I believe double-cycle billing, where you paid interest on the average daily balance of both this month and last month (thus causing you to incur interest even after paying off the card!) was outlawed in the CARD act.
posted by wierdo at 8:41 PM on June 28, 2011


Response by poster: It's a standard billing cycle.

I got the bill here:

$4400 balance
12.99% interest rate
32 days in this current billing cycle
posted by EmpressCallipygos at 6:50 AM on June 29, 2011


So it should be about $94.10. A 29 day billing cycle would be $89.41 (ish)

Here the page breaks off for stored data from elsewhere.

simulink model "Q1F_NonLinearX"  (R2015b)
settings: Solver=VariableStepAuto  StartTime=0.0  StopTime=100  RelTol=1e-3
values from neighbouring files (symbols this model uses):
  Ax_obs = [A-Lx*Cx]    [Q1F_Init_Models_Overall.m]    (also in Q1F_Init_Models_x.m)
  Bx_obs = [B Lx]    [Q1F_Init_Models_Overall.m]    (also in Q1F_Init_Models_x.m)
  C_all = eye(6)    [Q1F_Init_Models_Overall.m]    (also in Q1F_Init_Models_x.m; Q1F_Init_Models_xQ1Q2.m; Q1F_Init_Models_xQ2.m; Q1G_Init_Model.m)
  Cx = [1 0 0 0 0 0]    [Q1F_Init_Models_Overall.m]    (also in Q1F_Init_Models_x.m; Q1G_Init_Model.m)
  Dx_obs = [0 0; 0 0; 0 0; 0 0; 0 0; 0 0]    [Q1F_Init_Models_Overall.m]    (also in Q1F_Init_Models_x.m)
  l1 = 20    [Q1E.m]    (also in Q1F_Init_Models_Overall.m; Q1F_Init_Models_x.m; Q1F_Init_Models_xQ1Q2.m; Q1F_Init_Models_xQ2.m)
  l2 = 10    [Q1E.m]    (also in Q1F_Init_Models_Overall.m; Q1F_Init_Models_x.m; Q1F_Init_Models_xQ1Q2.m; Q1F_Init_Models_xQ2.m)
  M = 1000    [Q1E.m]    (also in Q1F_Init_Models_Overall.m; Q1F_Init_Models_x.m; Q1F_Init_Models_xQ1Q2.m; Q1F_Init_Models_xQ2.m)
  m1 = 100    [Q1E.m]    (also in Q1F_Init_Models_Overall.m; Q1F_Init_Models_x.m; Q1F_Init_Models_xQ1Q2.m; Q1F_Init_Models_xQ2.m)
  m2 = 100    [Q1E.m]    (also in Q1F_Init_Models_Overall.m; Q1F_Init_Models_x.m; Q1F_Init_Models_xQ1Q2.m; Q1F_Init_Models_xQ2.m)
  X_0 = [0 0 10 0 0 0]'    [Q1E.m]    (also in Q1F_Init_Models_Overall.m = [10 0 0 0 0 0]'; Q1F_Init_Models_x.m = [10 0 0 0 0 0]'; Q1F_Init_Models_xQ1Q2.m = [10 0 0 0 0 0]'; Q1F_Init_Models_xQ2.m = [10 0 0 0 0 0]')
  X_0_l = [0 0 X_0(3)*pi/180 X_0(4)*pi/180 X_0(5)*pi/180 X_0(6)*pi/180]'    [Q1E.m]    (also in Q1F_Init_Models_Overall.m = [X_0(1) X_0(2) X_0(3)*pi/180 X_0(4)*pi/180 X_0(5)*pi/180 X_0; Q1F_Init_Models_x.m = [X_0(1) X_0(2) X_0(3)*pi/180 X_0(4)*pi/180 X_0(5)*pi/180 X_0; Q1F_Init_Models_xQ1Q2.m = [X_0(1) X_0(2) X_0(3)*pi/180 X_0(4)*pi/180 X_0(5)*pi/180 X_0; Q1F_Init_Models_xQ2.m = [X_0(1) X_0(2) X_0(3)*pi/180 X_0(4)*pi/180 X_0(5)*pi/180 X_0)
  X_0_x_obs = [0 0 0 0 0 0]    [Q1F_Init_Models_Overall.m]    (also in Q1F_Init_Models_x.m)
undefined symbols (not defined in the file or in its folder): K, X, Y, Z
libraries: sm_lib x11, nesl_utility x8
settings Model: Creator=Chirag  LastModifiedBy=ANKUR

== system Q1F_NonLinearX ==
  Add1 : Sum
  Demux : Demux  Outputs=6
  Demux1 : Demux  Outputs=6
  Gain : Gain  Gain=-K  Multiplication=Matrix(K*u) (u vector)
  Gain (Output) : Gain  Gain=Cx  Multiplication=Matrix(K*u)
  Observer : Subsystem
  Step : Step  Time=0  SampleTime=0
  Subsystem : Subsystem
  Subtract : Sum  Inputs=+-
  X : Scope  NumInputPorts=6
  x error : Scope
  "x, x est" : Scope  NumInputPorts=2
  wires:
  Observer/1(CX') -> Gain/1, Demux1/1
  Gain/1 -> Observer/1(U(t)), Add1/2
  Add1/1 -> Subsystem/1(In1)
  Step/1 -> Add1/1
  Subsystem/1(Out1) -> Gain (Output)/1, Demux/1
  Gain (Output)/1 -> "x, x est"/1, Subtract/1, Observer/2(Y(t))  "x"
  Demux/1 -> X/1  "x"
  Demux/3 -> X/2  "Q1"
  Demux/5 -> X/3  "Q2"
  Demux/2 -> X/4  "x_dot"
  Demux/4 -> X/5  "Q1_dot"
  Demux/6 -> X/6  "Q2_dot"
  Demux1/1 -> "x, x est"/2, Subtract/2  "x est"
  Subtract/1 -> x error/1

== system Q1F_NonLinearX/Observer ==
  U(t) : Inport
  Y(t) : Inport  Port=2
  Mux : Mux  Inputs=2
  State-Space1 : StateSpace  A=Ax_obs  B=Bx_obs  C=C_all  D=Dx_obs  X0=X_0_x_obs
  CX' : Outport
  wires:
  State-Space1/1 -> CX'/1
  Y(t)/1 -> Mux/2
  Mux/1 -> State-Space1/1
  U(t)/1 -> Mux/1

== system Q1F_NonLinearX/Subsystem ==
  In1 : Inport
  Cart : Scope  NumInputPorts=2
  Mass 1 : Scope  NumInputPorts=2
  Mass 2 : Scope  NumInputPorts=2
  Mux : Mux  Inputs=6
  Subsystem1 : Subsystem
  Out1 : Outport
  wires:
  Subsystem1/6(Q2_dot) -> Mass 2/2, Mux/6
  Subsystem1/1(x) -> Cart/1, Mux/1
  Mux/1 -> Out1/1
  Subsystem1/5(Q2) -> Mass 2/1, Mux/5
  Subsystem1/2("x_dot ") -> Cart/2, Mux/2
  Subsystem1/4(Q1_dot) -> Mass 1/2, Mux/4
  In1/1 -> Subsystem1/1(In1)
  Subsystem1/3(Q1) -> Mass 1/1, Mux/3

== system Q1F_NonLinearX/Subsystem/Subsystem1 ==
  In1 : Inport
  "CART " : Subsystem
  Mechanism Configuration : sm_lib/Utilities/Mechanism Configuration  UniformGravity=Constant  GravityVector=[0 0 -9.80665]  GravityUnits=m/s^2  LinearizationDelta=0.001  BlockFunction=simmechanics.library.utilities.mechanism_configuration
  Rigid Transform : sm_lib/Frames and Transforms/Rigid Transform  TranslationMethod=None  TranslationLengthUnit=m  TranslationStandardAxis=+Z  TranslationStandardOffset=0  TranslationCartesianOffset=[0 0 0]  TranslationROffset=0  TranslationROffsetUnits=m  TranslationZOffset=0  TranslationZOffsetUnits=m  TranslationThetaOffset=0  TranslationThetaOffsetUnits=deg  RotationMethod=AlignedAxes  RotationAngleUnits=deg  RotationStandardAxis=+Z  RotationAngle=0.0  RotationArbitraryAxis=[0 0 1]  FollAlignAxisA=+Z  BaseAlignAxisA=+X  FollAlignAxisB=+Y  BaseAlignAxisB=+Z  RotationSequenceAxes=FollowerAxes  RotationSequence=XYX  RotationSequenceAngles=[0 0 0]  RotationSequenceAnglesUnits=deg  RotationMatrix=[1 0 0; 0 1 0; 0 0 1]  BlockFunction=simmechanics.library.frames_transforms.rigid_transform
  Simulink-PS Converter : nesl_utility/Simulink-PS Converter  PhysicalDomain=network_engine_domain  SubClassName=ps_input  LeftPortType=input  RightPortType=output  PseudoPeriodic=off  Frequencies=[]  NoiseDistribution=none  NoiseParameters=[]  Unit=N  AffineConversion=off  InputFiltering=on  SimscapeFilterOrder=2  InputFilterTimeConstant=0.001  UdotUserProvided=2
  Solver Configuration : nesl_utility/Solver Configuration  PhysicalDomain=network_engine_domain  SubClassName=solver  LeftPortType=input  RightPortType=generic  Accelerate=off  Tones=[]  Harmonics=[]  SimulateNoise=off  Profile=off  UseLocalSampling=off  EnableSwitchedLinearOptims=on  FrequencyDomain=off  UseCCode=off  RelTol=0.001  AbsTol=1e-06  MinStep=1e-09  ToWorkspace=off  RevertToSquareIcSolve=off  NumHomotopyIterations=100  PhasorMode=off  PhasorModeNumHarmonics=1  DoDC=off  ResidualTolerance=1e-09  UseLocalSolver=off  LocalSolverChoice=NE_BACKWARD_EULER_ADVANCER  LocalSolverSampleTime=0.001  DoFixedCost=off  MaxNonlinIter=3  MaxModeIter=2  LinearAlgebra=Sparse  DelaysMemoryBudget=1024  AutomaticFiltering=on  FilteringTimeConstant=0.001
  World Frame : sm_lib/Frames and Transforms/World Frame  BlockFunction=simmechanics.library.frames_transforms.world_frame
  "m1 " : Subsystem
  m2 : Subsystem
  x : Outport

Are you sure your interest rate hasn't been increased? An $80 minimum with about $4400 outstanding would be right about a 10% APR. What was the balance, APR, and minimum before the big payment?
posted by wierdo at 2:19 PM on June 29, 2011


Response by poster: An update: last month I paid a little more than the minimum ($120 rather than $94), and on this month's bill, the minimum payment went down again. I'm actually comfortable with making that size payment regularly, and will just stick with that -- I just wanted to make sure that it wouldn't keep rising and surpass that "personal minimum" I'd set for myself, and it looks like it won't.

So I'm declaring this "resolved". Thanks, all -- it looks like things were on the up-and-up.